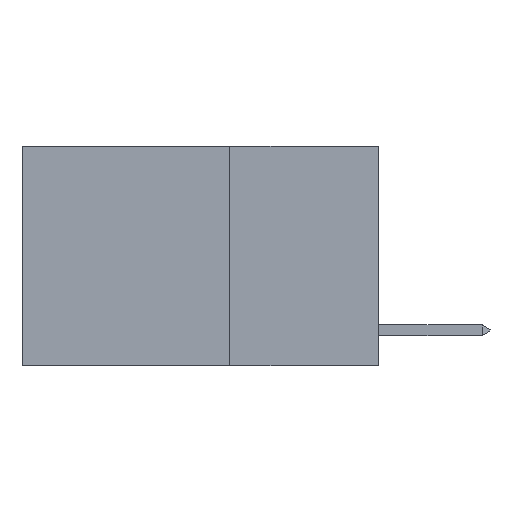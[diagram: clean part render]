
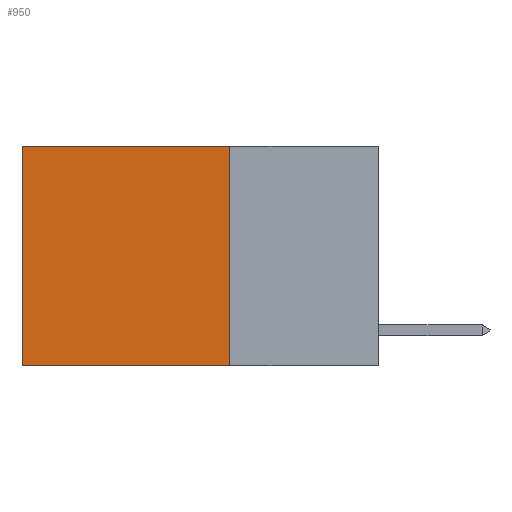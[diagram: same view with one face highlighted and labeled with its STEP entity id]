
A CAD part, left-side view. The second image highlights one B-rep face of the part: STEP entity #950.
In plain terms, the highlighted planar face has unit normal (-1, 0, 0).
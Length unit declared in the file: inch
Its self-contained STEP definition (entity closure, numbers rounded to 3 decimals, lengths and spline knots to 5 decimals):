
#425 = DIRECTION ( 'NONE',  ( 0., 1., 0. ) ) ;
#942 = ORIENTED_EDGE ( 'NONE', *, *, #18204, .T. ) ;
#950 = ADVANCED_FACE ( 'NONE', ( #16349 ), #19726, .F. ) ;
#1105 = CARTESIAN_POINT ( 'NONE',  ( 0.2625, 0.6, 0. ) ) ;
#1932 = VECTOR ( 'NONE', #14367, 39.37008 ) ;
#1953 = LINE ( 'NONE', #8195, #11697 ) ;
#4800 = EDGE_LOOP ( 'NONE', ( #942, #21335, #19915, #15224 ) ) ;
#4982 = VECTOR ( 'NONE', #425, 39.37008 ) ;
#7093 = CARTESIAN_POINT ( 'NONE',  ( 0.2625, 0.25, 0. ) ) ;
#7301 = AXIS2_PLACEMENT_3D ( 'NONE', #7093, #24023, #13387 ) ;
#8195 = CARTESIAN_POINT ( 'NONE',  ( 0.2625, 0.6, 0. ) ) ;
#8366 = CARTESIAN_POINT ( 'NONE',  ( 0.2625, 0.25, -0.37 ) ) ;
#8734 = VERTEX_POINT ( 'NONE', #19347 ) ;
#9211 = VECTOR ( 'NONE', #23041, 39.37008 ) ;
#9443 = EDGE_CURVE ( 'NONE', #14467, #8734, #20081, .T. ) ;
#10579 = CARTESIAN_POINT ( 'NONE',  ( 0.2625, 0.25, 0. ) ) ;
#11697 = VECTOR ( 'NONE', #21301, 39.37008 ) ;
#12171 = CARTESIAN_POINT ( 'NONE',  ( 0.2625, 0.25, -0.37 ) ) ;
#13387 = DIRECTION ( 'NONE',  ( 0., 0., -1. ) ) ;
#13594 = VERTEX_POINT ( 'NONE', #23887 ) ;
#14367 = DIRECTION ( 'NONE',  ( 0., 1., 0. ) ) ;
#14467 = VERTEX_POINT ( 'NONE', #8366 ) ;
#14812 = LINE ( 'NONE', #21221, #9211 ) ;
#15224 = ORIENTED_EDGE ( 'NONE', *, *, #19275, .T. ) ;
#16349 = FACE_OUTER_BOUND ( 'NONE', #4800, .T. ) ;
#17299 = LINE ( 'NONE', #10579, #1932 ) ;
#18204 = EDGE_CURVE ( 'NONE', #21728, #8734, #1953, .T. ) ;
#19275 = EDGE_CURVE ( 'NONE', #13594, #21728, #17299, .T. ) ;
#19347 = CARTESIAN_POINT ( 'NONE',  ( 0.2625, 0.6, -0.37 ) ) ;
#19726 = PLANE ( 'NONE',  #7301 ) ;
#19915 = ORIENTED_EDGE ( 'NONE', *, *, #22372, .F. ) ;
#20081 = LINE ( 'NONE', #12171, #4982 ) ;
#21221 = CARTESIAN_POINT ( 'NONE',  ( 0.2625, 0.25, 0. ) ) ;
#21301 = DIRECTION ( 'NONE',  ( 0., 0., -1. ) ) ;
#21335 = ORIENTED_EDGE ( 'NONE', *, *, #9443, .F. ) ;
#21728 = VERTEX_POINT ( 'NONE', #1105 ) ;
#22372 = EDGE_CURVE ( 'NONE', #13594, #14467, #14812, .T. ) ;
#23041 = DIRECTION ( 'NONE',  ( 0., 0., -1. ) ) ;
#23887 = CARTESIAN_POINT ( 'NONE',  ( 0.2625, 0.25, 0. ) ) ;
#24023 = DIRECTION ( 'NONE',  ( 1., 0., 0. ) ) ;

About this task
Starting at the line that has "#1105 = CARTESIAN_POINT" and ending at the line that has "#14467 = VERTEX_POINT ( 'NONE', #8366 ) ;", please write out the lines above exactly, leaving out all others.

Problem solution
#1105 = CARTESIAN_POINT ( 'NONE',  ( 0.2625, 0.6, 0. ) ) ;
#1932 = VECTOR ( 'NONE', #14367, 39.37008 ) ;
#1953 = LINE ( 'NONE', #8195, #11697 ) ;
#4800 = EDGE_LOOP ( 'NONE', ( #942, #21335, #19915, #15224 ) ) ;
#4982 = VECTOR ( 'NONE', #425, 39.37008 ) ;
#7093 = CARTESIAN_POINT ( 'NONE',  ( 0.2625, 0.25, 0. ) ) ;
#7301 = AXIS2_PLACEMENT_3D ( 'NONE', #7093, #24023, #13387 ) ;
#8195 = CARTESIAN_POINT ( 'NONE',  ( 0.2625, 0.6, 0. ) ) ;
#8366 = CARTESIAN_POINT ( 'NONE',  ( 0.2625, 0.25, -0.37 ) ) ;
#8734 = VERTEX_POINT ( 'NONE', #19347 ) ;
#9211 = VECTOR ( 'NONE', #23041, 39.37008 ) ;
#9443 = EDGE_CURVE ( 'NONE', #14467, #8734, #20081, .T. ) ;
#10579 = CARTESIAN_POINT ( 'NONE',  ( 0.2625, 0.25, 0. ) ) ;
#11697 = VECTOR ( 'NONE', #21301, 39.37008 ) ;
#12171 = CARTESIAN_POINT ( 'NONE',  ( 0.2625, 0.25, -0.37 ) ) ;
#13387 = DIRECTION ( 'NONE',  ( 0., 0., -1. ) ) ;
#13594 = VERTEX_POINT ( 'NONE', #23887 ) ;
#14367 = DIRECTION ( 'NONE',  ( 0., 1., 0. ) ) ;
#14467 = VERTEX_POINT ( 'NONE', #8366 ) ;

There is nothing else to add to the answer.